- **PROMPT**
Using the records below, repeat exactly the lines from the one holding "- J1 pad 1: /AI0 -> /R0_IN" through the one holding "- J18 pad 1: /DI0 -> /DO4", both ends included, and no others.
⟨
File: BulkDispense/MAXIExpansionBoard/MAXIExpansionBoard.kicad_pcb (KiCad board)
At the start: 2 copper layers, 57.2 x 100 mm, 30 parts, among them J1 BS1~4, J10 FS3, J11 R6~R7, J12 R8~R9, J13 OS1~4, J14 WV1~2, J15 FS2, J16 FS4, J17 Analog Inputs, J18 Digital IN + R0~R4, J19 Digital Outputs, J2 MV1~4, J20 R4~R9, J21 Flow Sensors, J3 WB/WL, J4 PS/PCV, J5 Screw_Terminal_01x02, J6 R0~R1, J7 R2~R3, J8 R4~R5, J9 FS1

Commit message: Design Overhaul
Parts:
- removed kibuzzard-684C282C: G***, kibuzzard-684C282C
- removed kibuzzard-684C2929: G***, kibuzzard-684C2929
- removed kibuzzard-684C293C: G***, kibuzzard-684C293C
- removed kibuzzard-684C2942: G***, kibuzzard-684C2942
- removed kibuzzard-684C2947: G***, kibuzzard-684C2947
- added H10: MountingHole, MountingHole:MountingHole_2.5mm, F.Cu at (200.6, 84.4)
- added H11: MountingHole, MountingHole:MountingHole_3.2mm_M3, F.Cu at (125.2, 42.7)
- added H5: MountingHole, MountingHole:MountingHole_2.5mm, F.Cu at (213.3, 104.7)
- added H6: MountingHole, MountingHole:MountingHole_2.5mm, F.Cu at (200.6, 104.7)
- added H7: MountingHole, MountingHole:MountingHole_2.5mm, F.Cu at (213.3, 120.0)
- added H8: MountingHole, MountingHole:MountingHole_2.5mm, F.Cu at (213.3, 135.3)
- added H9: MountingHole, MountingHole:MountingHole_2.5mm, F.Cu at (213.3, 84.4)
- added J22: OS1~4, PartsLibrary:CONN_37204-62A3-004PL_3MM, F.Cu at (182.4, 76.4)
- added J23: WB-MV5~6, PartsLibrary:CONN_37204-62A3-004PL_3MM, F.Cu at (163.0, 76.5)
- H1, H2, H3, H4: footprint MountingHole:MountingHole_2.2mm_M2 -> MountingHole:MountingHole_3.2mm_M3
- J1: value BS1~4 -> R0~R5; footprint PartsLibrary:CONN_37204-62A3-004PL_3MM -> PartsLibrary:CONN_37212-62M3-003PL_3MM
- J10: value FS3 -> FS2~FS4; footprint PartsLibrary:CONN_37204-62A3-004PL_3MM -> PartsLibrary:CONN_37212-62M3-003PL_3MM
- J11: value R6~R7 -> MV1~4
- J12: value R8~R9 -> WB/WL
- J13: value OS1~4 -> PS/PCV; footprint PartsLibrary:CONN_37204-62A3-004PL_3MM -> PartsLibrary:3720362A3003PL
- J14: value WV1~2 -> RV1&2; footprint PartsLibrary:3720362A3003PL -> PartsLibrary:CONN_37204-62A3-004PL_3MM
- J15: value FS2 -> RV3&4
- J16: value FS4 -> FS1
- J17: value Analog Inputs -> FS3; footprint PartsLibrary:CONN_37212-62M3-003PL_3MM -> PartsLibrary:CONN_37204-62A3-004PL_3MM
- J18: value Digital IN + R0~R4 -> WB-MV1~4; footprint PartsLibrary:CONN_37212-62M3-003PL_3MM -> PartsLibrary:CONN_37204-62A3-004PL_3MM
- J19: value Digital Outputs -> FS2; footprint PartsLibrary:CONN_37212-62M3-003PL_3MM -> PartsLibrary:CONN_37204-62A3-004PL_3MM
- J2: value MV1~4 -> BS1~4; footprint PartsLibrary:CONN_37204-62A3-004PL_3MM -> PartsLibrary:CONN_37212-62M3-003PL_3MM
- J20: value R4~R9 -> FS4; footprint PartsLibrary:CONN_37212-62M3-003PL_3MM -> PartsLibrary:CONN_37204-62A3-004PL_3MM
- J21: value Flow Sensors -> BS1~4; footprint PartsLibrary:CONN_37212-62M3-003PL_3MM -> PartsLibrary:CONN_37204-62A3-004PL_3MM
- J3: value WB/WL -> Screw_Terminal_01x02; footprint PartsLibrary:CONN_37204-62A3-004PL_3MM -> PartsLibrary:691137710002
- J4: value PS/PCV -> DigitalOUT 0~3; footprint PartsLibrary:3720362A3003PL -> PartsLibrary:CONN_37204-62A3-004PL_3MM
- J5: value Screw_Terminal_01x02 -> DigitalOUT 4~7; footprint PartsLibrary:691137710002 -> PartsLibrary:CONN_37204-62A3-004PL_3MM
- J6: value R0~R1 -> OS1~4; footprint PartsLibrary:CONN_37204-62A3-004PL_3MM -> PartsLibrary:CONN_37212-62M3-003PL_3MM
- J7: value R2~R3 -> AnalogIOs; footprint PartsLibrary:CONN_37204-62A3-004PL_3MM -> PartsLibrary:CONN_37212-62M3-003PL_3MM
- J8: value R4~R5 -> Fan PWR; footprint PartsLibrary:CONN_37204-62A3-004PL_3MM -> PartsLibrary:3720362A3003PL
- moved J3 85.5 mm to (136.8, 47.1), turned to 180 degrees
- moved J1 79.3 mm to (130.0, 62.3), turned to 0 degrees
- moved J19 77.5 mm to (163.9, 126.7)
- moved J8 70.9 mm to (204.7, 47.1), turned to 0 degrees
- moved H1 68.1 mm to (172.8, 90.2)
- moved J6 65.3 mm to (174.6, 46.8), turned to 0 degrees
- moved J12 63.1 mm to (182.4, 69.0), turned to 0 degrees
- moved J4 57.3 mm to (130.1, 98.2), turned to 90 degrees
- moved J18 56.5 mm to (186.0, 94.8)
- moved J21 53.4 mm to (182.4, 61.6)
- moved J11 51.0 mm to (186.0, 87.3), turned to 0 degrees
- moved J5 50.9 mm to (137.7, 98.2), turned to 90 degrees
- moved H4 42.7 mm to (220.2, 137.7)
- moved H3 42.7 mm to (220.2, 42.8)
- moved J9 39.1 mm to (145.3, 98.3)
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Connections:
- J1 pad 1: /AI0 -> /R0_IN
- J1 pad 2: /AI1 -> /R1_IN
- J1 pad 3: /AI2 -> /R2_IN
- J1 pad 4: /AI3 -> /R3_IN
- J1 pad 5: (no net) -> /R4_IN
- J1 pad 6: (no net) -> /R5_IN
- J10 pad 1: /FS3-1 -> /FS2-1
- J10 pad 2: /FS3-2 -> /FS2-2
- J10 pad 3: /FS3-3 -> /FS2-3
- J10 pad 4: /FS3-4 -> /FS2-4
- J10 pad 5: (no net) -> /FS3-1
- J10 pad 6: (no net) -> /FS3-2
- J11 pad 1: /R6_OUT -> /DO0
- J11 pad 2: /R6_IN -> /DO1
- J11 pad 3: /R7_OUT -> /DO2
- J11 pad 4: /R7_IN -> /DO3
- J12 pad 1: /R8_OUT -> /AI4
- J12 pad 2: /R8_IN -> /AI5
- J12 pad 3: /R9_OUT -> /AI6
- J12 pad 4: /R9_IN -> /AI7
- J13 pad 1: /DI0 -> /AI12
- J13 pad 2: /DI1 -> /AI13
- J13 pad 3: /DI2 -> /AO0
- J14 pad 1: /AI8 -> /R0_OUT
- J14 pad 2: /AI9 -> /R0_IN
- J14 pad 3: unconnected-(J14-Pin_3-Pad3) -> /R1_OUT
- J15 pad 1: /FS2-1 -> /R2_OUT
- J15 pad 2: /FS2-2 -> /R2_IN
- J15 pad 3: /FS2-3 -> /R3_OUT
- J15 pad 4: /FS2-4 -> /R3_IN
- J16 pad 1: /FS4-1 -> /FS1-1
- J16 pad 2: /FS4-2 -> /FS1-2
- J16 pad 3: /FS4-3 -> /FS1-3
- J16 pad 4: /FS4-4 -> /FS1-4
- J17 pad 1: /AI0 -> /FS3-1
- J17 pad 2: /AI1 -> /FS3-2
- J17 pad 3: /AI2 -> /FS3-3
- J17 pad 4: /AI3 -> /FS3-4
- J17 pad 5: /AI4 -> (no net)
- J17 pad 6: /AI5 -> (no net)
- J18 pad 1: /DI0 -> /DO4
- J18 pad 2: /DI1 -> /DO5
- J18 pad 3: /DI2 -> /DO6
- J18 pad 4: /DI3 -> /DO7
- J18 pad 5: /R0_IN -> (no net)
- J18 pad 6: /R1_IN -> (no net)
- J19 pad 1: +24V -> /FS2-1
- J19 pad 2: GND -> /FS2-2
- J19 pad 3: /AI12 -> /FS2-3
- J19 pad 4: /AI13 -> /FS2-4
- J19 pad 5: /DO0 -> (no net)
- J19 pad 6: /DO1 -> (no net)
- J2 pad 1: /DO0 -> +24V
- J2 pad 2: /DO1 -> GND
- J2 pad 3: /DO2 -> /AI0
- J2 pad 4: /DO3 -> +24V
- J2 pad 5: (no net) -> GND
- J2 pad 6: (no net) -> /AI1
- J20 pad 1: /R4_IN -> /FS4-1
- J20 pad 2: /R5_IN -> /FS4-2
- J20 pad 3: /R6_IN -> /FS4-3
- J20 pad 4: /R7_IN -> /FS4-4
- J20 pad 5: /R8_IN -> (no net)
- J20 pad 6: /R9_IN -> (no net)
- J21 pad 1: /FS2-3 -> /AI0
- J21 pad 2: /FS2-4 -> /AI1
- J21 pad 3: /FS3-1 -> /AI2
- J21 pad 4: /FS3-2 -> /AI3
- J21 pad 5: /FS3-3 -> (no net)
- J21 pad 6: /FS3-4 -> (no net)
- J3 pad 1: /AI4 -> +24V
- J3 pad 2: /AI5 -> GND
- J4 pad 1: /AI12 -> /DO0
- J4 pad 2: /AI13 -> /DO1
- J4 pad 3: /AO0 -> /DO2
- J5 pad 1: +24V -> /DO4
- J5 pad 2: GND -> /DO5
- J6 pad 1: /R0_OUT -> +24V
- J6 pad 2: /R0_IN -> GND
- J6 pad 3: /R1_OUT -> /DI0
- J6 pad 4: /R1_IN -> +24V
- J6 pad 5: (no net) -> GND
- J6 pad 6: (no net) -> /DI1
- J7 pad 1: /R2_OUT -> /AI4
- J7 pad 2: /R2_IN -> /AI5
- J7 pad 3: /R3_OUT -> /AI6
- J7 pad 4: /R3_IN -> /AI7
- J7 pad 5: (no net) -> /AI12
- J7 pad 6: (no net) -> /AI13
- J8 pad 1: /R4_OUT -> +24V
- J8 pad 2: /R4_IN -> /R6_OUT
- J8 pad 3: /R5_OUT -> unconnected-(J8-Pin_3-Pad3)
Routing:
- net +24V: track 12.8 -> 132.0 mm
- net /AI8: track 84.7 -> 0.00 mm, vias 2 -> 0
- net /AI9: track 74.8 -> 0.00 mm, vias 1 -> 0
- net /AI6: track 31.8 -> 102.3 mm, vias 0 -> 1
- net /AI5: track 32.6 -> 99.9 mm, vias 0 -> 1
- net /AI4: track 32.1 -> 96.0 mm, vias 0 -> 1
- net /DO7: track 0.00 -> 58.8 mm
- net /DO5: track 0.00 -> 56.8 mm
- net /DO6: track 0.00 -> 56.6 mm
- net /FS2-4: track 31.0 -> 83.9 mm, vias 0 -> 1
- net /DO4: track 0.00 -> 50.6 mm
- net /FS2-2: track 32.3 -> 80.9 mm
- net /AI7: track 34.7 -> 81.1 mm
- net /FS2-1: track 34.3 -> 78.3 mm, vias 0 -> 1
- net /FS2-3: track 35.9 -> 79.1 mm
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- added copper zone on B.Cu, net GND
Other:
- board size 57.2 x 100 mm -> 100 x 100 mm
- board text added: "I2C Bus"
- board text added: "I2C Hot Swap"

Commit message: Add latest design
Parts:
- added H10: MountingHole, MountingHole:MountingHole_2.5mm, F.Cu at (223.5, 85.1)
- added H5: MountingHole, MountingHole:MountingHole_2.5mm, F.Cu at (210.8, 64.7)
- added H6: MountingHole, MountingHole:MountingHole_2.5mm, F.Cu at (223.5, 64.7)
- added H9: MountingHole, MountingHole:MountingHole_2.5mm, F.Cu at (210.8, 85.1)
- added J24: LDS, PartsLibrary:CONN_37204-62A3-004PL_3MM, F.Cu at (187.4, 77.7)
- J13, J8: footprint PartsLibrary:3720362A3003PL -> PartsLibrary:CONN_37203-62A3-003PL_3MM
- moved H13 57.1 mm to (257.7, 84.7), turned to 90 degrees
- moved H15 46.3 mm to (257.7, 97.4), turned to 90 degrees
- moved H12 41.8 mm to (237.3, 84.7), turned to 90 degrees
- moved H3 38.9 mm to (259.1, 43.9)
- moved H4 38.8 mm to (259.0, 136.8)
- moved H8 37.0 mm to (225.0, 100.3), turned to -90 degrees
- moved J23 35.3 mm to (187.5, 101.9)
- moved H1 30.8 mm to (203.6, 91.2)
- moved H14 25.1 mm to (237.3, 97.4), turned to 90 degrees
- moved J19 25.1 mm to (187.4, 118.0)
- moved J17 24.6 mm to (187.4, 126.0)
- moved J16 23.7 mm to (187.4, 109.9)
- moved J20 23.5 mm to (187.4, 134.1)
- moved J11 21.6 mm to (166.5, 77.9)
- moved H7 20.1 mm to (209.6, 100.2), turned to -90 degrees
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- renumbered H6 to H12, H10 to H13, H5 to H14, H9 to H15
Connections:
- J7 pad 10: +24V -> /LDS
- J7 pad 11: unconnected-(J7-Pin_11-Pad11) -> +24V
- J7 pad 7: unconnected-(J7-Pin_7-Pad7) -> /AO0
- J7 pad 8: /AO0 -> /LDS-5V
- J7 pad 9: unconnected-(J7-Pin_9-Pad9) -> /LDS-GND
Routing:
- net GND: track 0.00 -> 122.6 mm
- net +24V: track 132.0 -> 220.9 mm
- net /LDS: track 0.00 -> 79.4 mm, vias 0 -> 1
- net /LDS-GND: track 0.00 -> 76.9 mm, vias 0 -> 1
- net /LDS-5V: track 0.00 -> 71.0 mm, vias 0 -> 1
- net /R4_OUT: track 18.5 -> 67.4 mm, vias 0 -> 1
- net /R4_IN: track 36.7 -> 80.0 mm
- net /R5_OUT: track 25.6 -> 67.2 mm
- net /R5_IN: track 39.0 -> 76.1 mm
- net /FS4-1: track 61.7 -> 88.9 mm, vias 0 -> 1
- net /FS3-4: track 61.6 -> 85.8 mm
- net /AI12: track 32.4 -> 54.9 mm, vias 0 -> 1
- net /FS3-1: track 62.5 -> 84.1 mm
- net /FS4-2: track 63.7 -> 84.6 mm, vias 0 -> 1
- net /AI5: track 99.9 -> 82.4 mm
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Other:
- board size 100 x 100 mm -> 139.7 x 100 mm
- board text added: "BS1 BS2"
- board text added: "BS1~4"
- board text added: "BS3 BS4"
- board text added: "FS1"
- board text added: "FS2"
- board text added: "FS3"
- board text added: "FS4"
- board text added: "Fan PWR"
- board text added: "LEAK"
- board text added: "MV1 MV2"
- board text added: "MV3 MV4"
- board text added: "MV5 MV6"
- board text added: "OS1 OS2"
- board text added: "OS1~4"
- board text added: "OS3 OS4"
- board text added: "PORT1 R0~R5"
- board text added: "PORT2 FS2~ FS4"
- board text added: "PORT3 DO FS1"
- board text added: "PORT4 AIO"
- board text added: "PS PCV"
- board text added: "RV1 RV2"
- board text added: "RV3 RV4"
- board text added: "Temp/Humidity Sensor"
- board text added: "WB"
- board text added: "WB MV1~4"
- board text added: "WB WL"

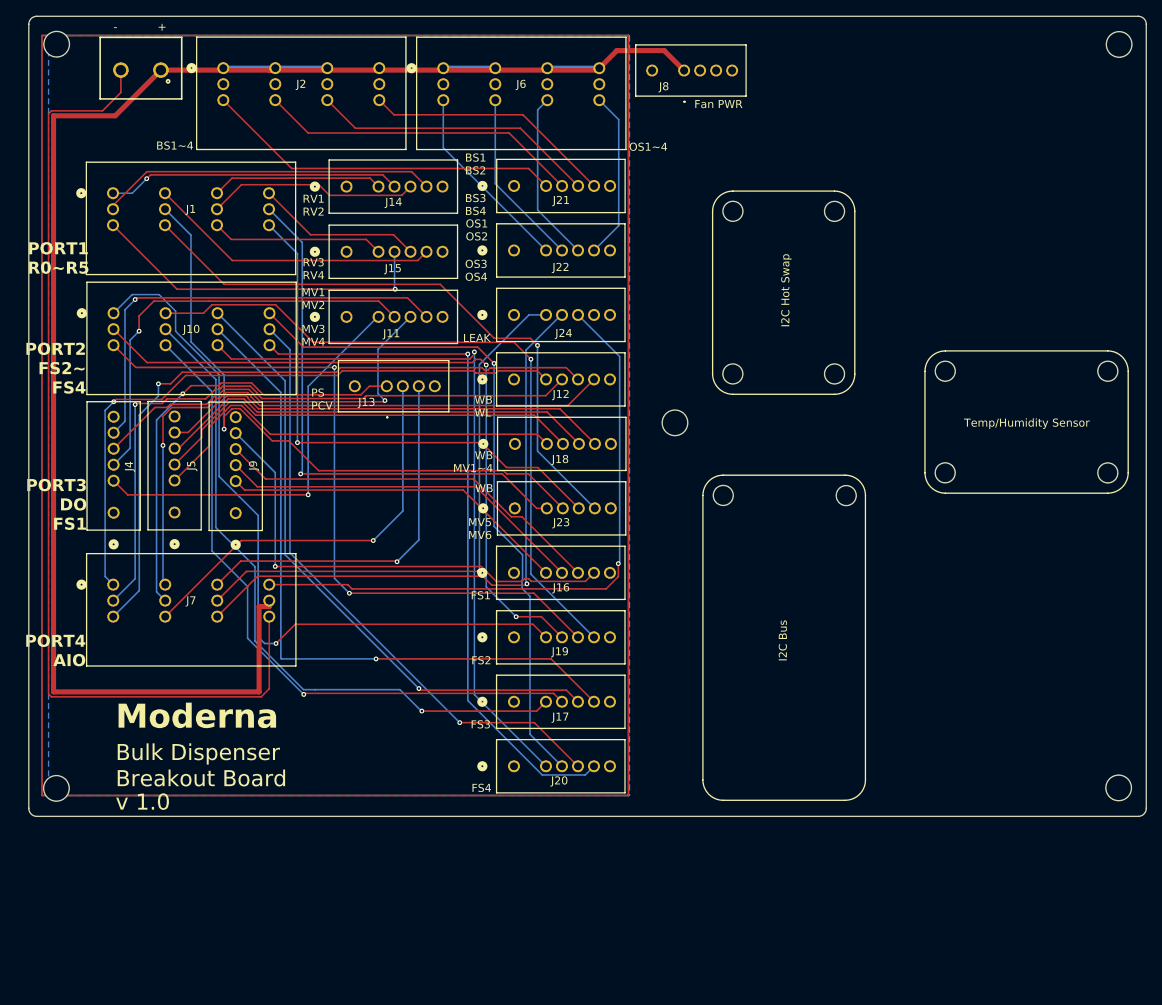
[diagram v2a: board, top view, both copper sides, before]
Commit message: Update PCB + Add Lynx Wiring Diagram
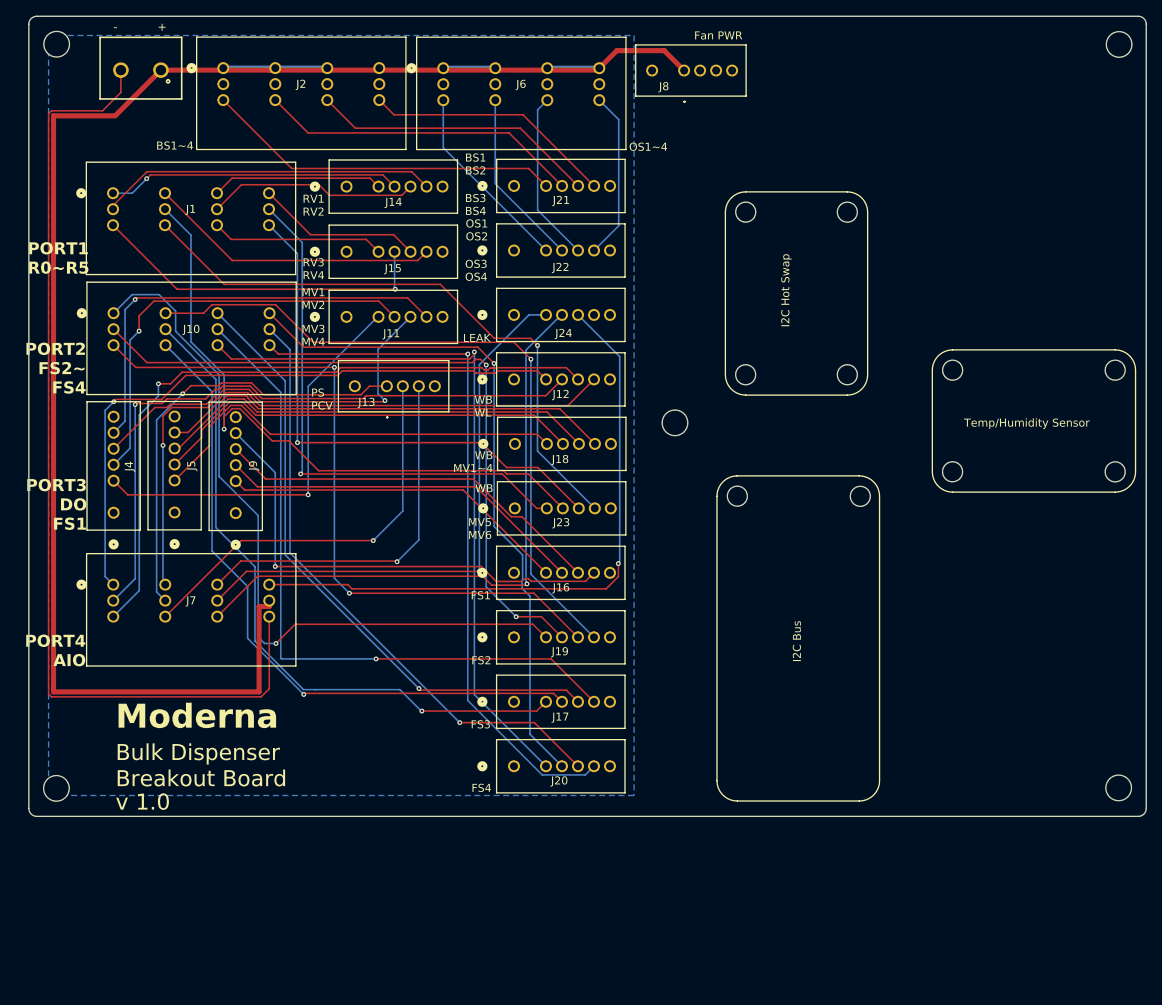
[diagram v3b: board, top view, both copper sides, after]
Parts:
- moved H8 1.76 mm to (226.7, 100.4)
- moved H7 1.76 mm to (211.3, 100.3)
- moved H9 1.60 mm to (212.4, 85.2)
- moved H6 1.60 mm to (225.1, 64.8)
- moved H10 1.60 mm to (225.1, 85.2)
- moved H5 1.60 mm to (212.4, 64.8)
- moved H15 0.93 mm to (258.6, 97.3)
- moved H12 0.93 mm to (238.3, 84.6)
- moved H13 0.93 mm to (258.6, 84.6)
- moved H14 0.93 mm to (238.2, 97.3)
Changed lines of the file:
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@@
 	(footprint "MountingHole:MountingHole_2.5mm"
 		(layer "F.Cu")
-		(at 223.4939 85.0561)
+		(at 225.0939 85.1561)
 		(descr "Mounting Hole 2.5mm, no annular, generated by kicad-footprint-generator mountinghole.py")
 		(tags "mountinghole")
@@
 	(footprint "MountingHole:MountingHole_2.5mm"
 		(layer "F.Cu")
⟩
- **SOLUTION FOR THIS EXERCISE**
- J1 pad 1: /AI0 -> /R0_IN
- J1 pad 2: /AI1 -> /R1_IN
- J1 pad 3: /AI2 -> /R2_IN
- J1 pad 4: /AI3 -> /R3_IN
- J1 pad 5: (no net) -> /R4_IN
- J1 pad 6: (no net) -> /R5_IN
- J10 pad 1: /FS3-1 -> /FS2-1
- J10 pad 2: /FS3-2 -> /FS2-2
- J10 pad 3: /FS3-3 -> /FS2-3
- J10 pad 4: /FS3-4 -> /FS2-4
- J10 pad 5: (no net) -> /FS3-1
- J10 pad 6: (no net) -> /FS3-2
- J11 pad 1: /R6_OUT -> /DO0
- J11 pad 2: /R6_IN -> /DO1
- J11 pad 3: /R7_OUT -> /DO2
- J11 pad 4: /R7_IN -> /DO3
- J12 pad 1: /R8_OUT -> /AI4
- J12 pad 2: /R8_IN -> /AI5
- J12 pad 3: /R9_OUT -> /AI6
- J12 pad 4: /R9_IN -> /AI7
- J13 pad 1: /DI0 -> /AI12
- J13 pad 2: /DI1 -> /AI13
- J13 pad 3: /DI2 -> /AO0
- J14 pad 1: /AI8 -> /R0_OUT
- J14 pad 2: /AI9 -> /R0_IN
- J14 pad 3: unconnected-(J14-Pin_3-Pad3) -> /R1_OUT
- J15 pad 1: /FS2-1 -> /R2_OUT
- J15 pad 2: /FS2-2 -> /R2_IN
- J15 pad 3: /FS2-3 -> /R3_OUT
- J15 pad 4: /FS2-4 -> /R3_IN
- J16 pad 1: /FS4-1 -> /FS1-1
- J16 pad 2: /FS4-2 -> /FS1-2
- J16 pad 3: /FS4-3 -> /FS1-3
- J16 pad 4: /FS4-4 -> /FS1-4
- J17 pad 1: /AI0 -> /FS3-1
- J17 pad 2: /AI1 -> /FS3-2
- J17 pad 3: /AI2 -> /FS3-3
- J17 pad 4: /AI3 -> /FS3-4
- J17 pad 5: /AI4 -> (no net)
- J17 pad 6: /AI5 -> (no net)
- J18 pad 1: /DI0 -> /DO4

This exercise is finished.